The size of the deficit, including the money borrowed from Social Security — the on-budget deficit — is reported in every budget document put out by the government (e.g. here and here). Krauthammer might try to learn a bit about how the budget works before he goes off ranting about Jack Lew and Social Security….

In reality, the projected shortfall in the program is relatively distant and minor. The country has far more urgent concerns, like putting 25 million unemployed or under-employed people back to work. This should be the focus of our political leaders right now.

And Jacob Lew defends his, and Social Security’s honor:

Krauthammer is correct when he writes that there is no “lockbox” that keeps the money sent in by workers for until they retire. By design, when more taxes are collected than are needed to pay benefits, funds are invested in Treasury bonds and are held in reserve for when revenue collected is not enough to pay the benefits due. Yet these Treasury bonds are backed by the full faith and credit of the U.S. government in the same way that all other U.S. Treasury bonds are, making them anything but ”worthless IOUs” as Krauthammer suggests. The government has just as much obligation to pay back the bonds in the Social Security trust fund as we do to any other bondholders.Responsibly honoring that obligation – one that we planned for and always knew was there –entails undertaking fiscal policies that would make it easier, not harder, to meet these obligations. When I last was OMB Director at the end of the Clinton Administration, the Congressional Budget Office estimated $5.6 trillion in budget surpluses over the next decade because of fiscally responsible measures that Democrats and Republicans, working together, had taken….

This is the most important point: the problem is not with Social Security, but in the near term the mismatch between what we take in and what we spend in the rest of the budget. Working people had payroll taxes taken from their salaries to pay for future benefits, and instead the money was used to pay for tax cuts and other initiatives. It is hardly fair now to say that those working people caused the problem just when they are ready to collect benefits.

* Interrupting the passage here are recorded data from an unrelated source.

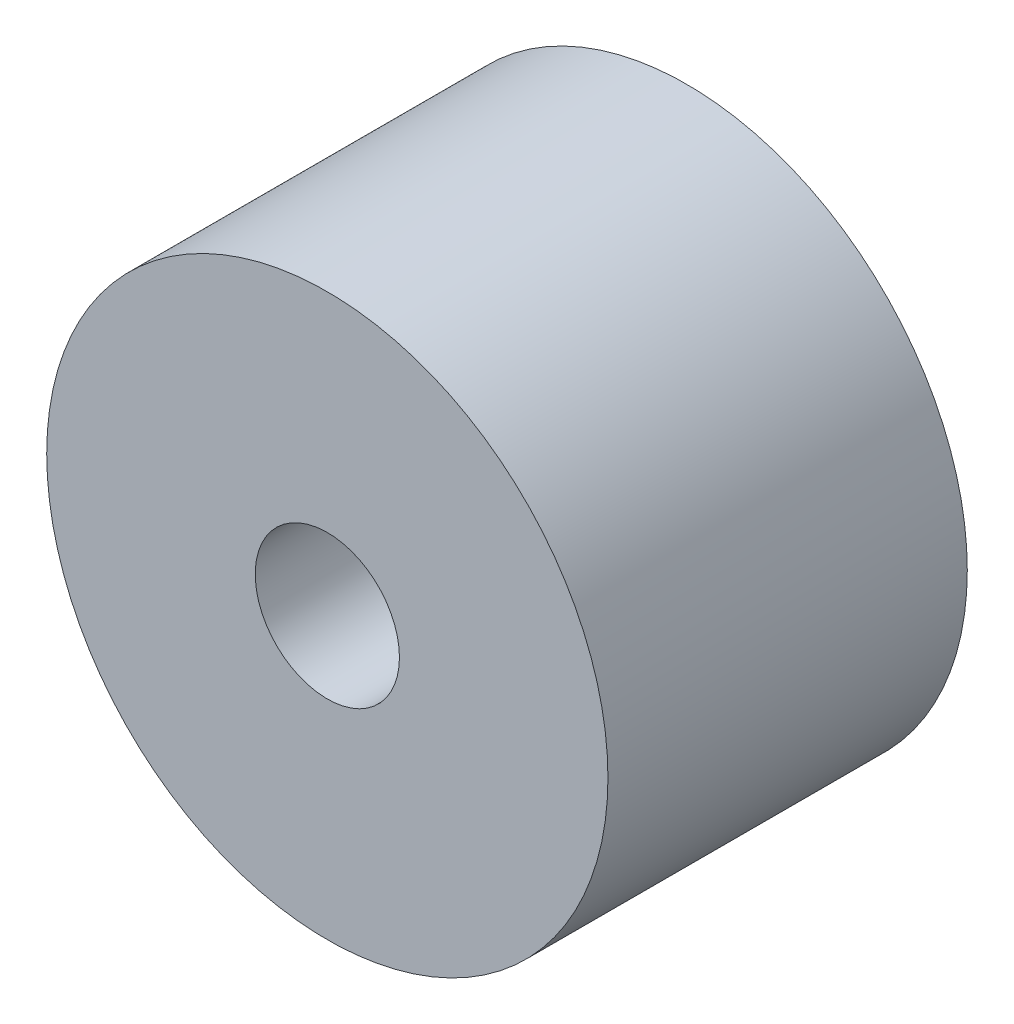
from build123d import *

# Parameters (mm, degrees)
SKETCH1_R           = 2.335
SKETCH1_R_2         = 0.6
BOSS_EXTRUDE1_DEPTH = 2.99


with BuildPart() as part:
    # Sketch1 → Boss-Extrude1 (new body)
    with BuildSketch(Plane.XY):
        Circle(SKETCH1_R)
        Circle(SKETCH1_R_2, mode=Mode.SUBTRACT)
    extrude(amount=BOSS_EXTRUDE1_DEPTH)


solid = part.part
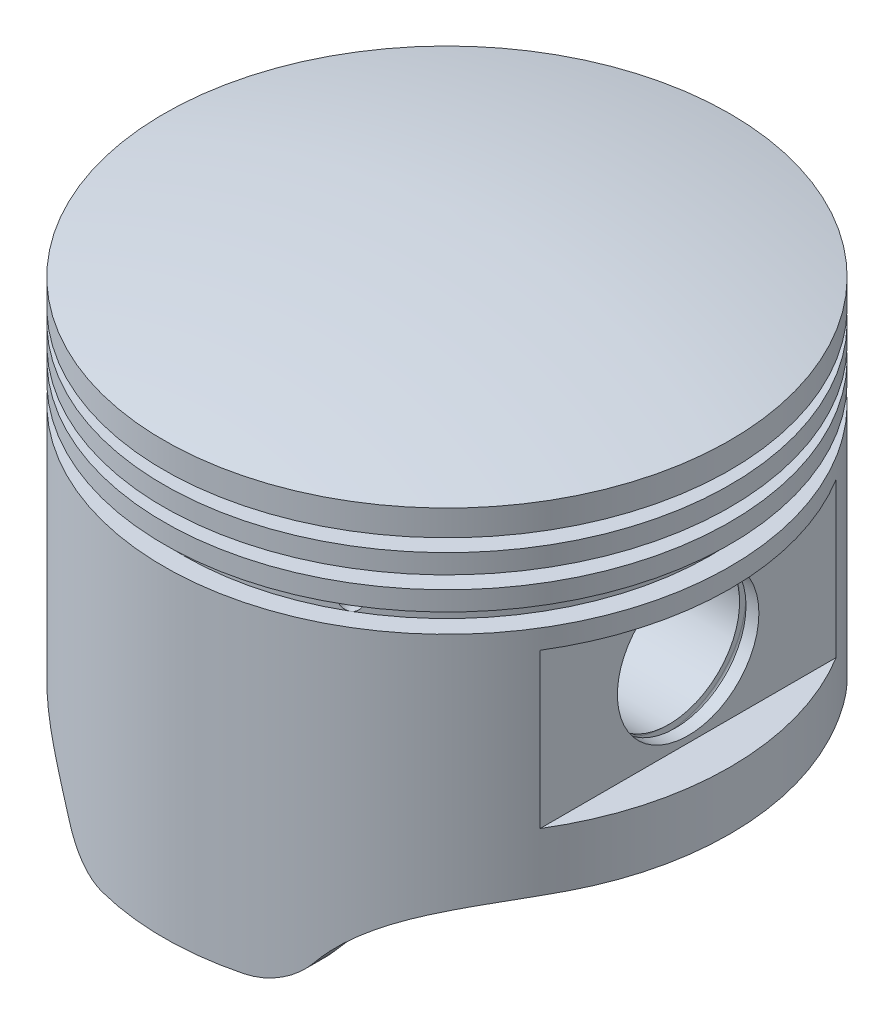
from build123d import *

# Parameters (mm, degrees)
SKETCH2_W               = 13
SKETCH2_H               = 24
CUT_EXTRUDE1_DEPTH      = 45
CUT_EXTRUDE1_DEPTH_BACK = 45
BOSS_EXTRUDE3_DEPTH     = 39
BOSS_EXTRUDE4_DEPTH     = 10
SKETCH5_R               = 11
CUT_EXTRUDE2_DEPTH      = 82.5
DOME1_FACE_RADIUS       = 44
DOME1_HEIGHT            = 5
FILLET1_R               = 2
CUT_EXTRUDE3_DEPTH      = 45
CUT_EXTRUDE3_DEPTH_BACK = 45
FILLET2_R               = 10
SKETCH8_ONE_SIDE_W      = 3
SKETCH8_ONE_SIDE_H      = 3
SKETCH9_R               = 1.5
CUT_EXTRUDE4_DEPTH      = 45.0000001
CIRPATTERN1_COUNT       = 12


with BuildPart() as part:
    # Sketch1 → Revolve1 (revolve)
    with BuildSketch(Plane(origin=(0, 0, 0), x_dir=(0, 0, -1), z_dir=(1, 0, 0))):
        Polygon((0, 59), (0, 67), (44, 67), (44, 63), (41, 63), (41, 61), (44, 61), (44, 58), (41, 58), (41, 56), (44, 56), (44, 0), (41, 0), (41, 20), (36, 20), (36, 59), align=None)
    revolve(axis=Axis((0, 0, 0), (0, 1, 0)))

    # Sketch2 → Cut-Extrude1 (cut, two sides)
    with BuildSketch(Plane.XY) as cut_extrude1_sk:
        with Locations((44, 35)):
            Rectangle(SKETCH2_W, SKETCH2_H)
        with Locations((-44, 35)):
            Rectangle(SKETCH2_W, SKETCH2_H)
    extrude(amount=CUT_EXTRUDE1_DEPTH, mode=Mode.SUBTRACT)
    extrude(cut_extrude1_sk.sketch, amount=-CUT_EXTRUDE1_DEPTH_BACK, mode=Mode.SUBTRACT)

    # Sketch3 → Boss-Extrude3 (add)
    with BuildSketch(Plane.XZ.offset(-20)):
        with BuildLine():
            Line((-30, 19.899748742), (-30, -19.899748742))
            ThreePointArc((-30, -19.899748742), (-36, 0), (-30, 19.899748742))
        make_face()
        with BuildLine():
            Line((30, 19.899748742), (30, -19.899748742))
            ThreePointArc((30, -19.899748742), (36, 0), (30, 19.899748742))
        make_face()
    extrude(amount=-BOSS_EXTRUDE3_DEPTH)

    # Sketch4 → Boss-Extrude4 (add)
    with BuildSketch(Plane(origin=(-30, 0, 0), x_dir=(0, 0, -1), z_dir=(1, 0, 0))):
        with BuildLine():
            Line((-15, 35), (-15, 59))
            Line((-15, 59), (15, 59))
            Line((15, 59), (15, 35))
            ThreePointArc((15, 35), (0, 20), (-15, 35))
        make_face()
    boss_extrude4 = extrude(amount=BOSS_EXTRUDE4_DEPTH)

    # Mirror1: Boss-Extrude4 across plane
    add(boss_extrude4.mirror(Plane(origin=(0, 0, 0), x_dir=(0, 0, 1), z_dir=(1, 0, 0))))

    # Sketch5 → Cut-Extrude2 (cut, through all)
    with BuildSketch(Plane(origin=(37.5, 0, 0), x_dir=(0, 0, -1), z_dir=(1, 0, 0))):
        with Locations((0, 35)):
            Circle(SKETCH5_R)
    extrude(amount=-CUT_EXTRUDE2_DEPTH, mode=Mode.SUBTRACT)

    # Dome1: a dome of height H over a round flat face of radius A is a cap of a sphere of radius (A * A + H * H) / (2 * H)
    dome1_r = (DOME1_FACE_RADIUS * DOME1_FACE_RADIUS + DOME1_HEIGHT * DOME1_HEIGHT) / (2 * DOME1_HEIGHT)
    dome1_base = Plane((0, 67, 0), z_dir=(0, 1, 0))
    with Locations(dome1_base.offset(DOME1_HEIGHT - dome1_r)):
        dome1_ball = Sphere(dome1_r, mode=Mode.PRIVATE)
    add(split(dome1_ball, bisect_by=dome1_base, keep=Keep.TOP, mode=Mode.PRIVATE))

    # Fillet1
    fillet1_edges = [part.edges().sort_by_distance(p)[0] for p in [
        (20, 20, 0),
        (20, 47, 15),
        (20, 47, -15),
        (-20, 20, 0),
        (-20, 47, -15),
        (-20, 47, 15),
    ]]
    fillet(fillet1_edges, radius=FILLET1_R)

    # Sketch6 → Cut-Extrude3 (cut, two sides)
    with BuildSketch(Plane.XY) as cut_extrude3_sk:
        with BuildLine():
            Line((-44, 0), (-44, 14))
            Line((-44, 14), (-39, 14))
            ThreePointArc((-39, 14), (-25.771243445, 10.213203436), (-16.550055679, 0))
            Line((-16.550055679, 0), (-44, 0))
        make_face()
        with BuildLine():
            Line((16.550055679, 0), (44, 0))
            Line((44, 0), (44, 14))
            Line((44, 14), (39, 14))
            ThreePointArc((39, 14), (25.771243445, 10.213203436), (16.550055679, 0))
        make_face()
    extrude(amount=CUT_EXTRUDE3_DEPTH, mode=Mode.SUBTRACT)
    extrude(cut_extrude3_sk.sketch, amount=-CUT_EXTRUDE3_DEPTH_BACK, mode=Mode.SUBTRACT)

    # Fillet2
    fillet2_edges = [part.edges().sort_by_distance(p)[0] for p in [
        (16.550055679, 0, 39.140040567),
        (16.550055679, 0, -39.140040567),
        (-16.550055679, 0, -39.140040567),
        (-16.550055679, 0, 39.140040567),
    ]]
    fillet(fillet2_edges, radius=FILLET2_R)

    # Sketch7 → Cut-Revolve1 (revolve, cut)
    with BuildSketch(Plane.XY):
        with BuildLine():
            Line((34.5, 48), (35.5, 48))
            ThreePointArc((35.5, 48), (35.853553391, 47.853553391), (36, 47.5))
            Line((36, 47.5), (36, 46.5))
            ThreePointArc((36, 46.5), (35.853553391, 46.146446609), (35.5, 46))
            Line((35.5, 46), (34.5, 46))
            ThreePointArc((34.5, 46), (34.146446609, 46.146446609), (34, 46.5))
            Line((34, 46.5), (34, 47.5))
            ThreePointArc((34, 47.5), (34.146446609, 47.853553391), (34.5, 48))
        make_face()
        with BuildLine():
            Line((-36, 47.5), (-36, 46.5))
            ThreePointArc((-36, 46.5), (-35.853553391, 46.146446609), (-35.5, 46))
            Line((-35.5, 46), (-34.5, 46))
            ThreePointArc((-34.5, 46), (-34.146446609, 46.146446609), (-34, 46.5))
            Line((-34, 46.5), (-34, 47.5))
            ThreePointArc((-34, 47.5), (-34.146446609, 47.853553391), (-34.5, 48))
            Line((-34.5, 48), (-35.5, 48))
            ThreePointArc((-35.5, 48), (-35.853553391, 47.853553391), (-36, 47.5))
        make_face()
    revolve(axis=Axis((-37.5, 35, 0), (1, 0, 0)), mode=Mode.SUBTRACT)

    # Sketch8 one side → Cut-Revolve2 (revolve, cut)
    with BuildSketch(Plane(origin=(0, 0, 0), x_dir=(0, 0, -1), z_dir=(1, 0, 0))):
        with Locations((-42.5, 51.5)):
            Rectangle(SKETCH8_ONE_SIDE_W, SKETCH8_ONE_SIDE_H)
    revolve(axis=Axis((0, 47, 0), (0, 1, 0)), mode=Mode.SUBTRACT)

    # Sketch9 → Cut-Extrude4 (cut, through all)
    with BuildSketch(Plane.XY):
        with Locations((0, 51.5)):
            Circle(SKETCH9_R)
    cut_extrude4 = extrude(amount=-CUT_EXTRUDE4_DEPTH, mode=Mode.SUBTRACT)

    # CirPattern1: Cut-Extrude4 ×12 about axis, 6 skipped
    cirpattern1_axis = Axis((0, 67, 0), (0, -1, 0))
    add([cut_extrude4.rotate(cirpattern1_axis, i * 360 / CIRPATTERN1_COUNT) for i in range(1, CIRPATTERN1_COUNT) if i not in (2, 3, 4, 8, 9, 10)], mode=Mode.SUBTRACT)


solid = part.part

Krauthammer’s argument is inside out. We should not blame Social Security for our current fiscal problems when it is the irresponsible fiscal behavior of the past that has presented the country with future challenges to fund our commitments, including Social Security over the next two decades.

That irresponsible fiscal behavior was unfortunately extended by the tax-cut deal and intensifed by the payroll tax holiday, making it even easier for Social Security to be the target of deficit peacocks and the Very Serious People who believe “shared sacrifice” means everybody but the rich and corporations sacrifice. That aside, Lew is absolutely correct. Social Security is not the problem. Massive tax cuts for the rich and two unsustainable wars are the problem.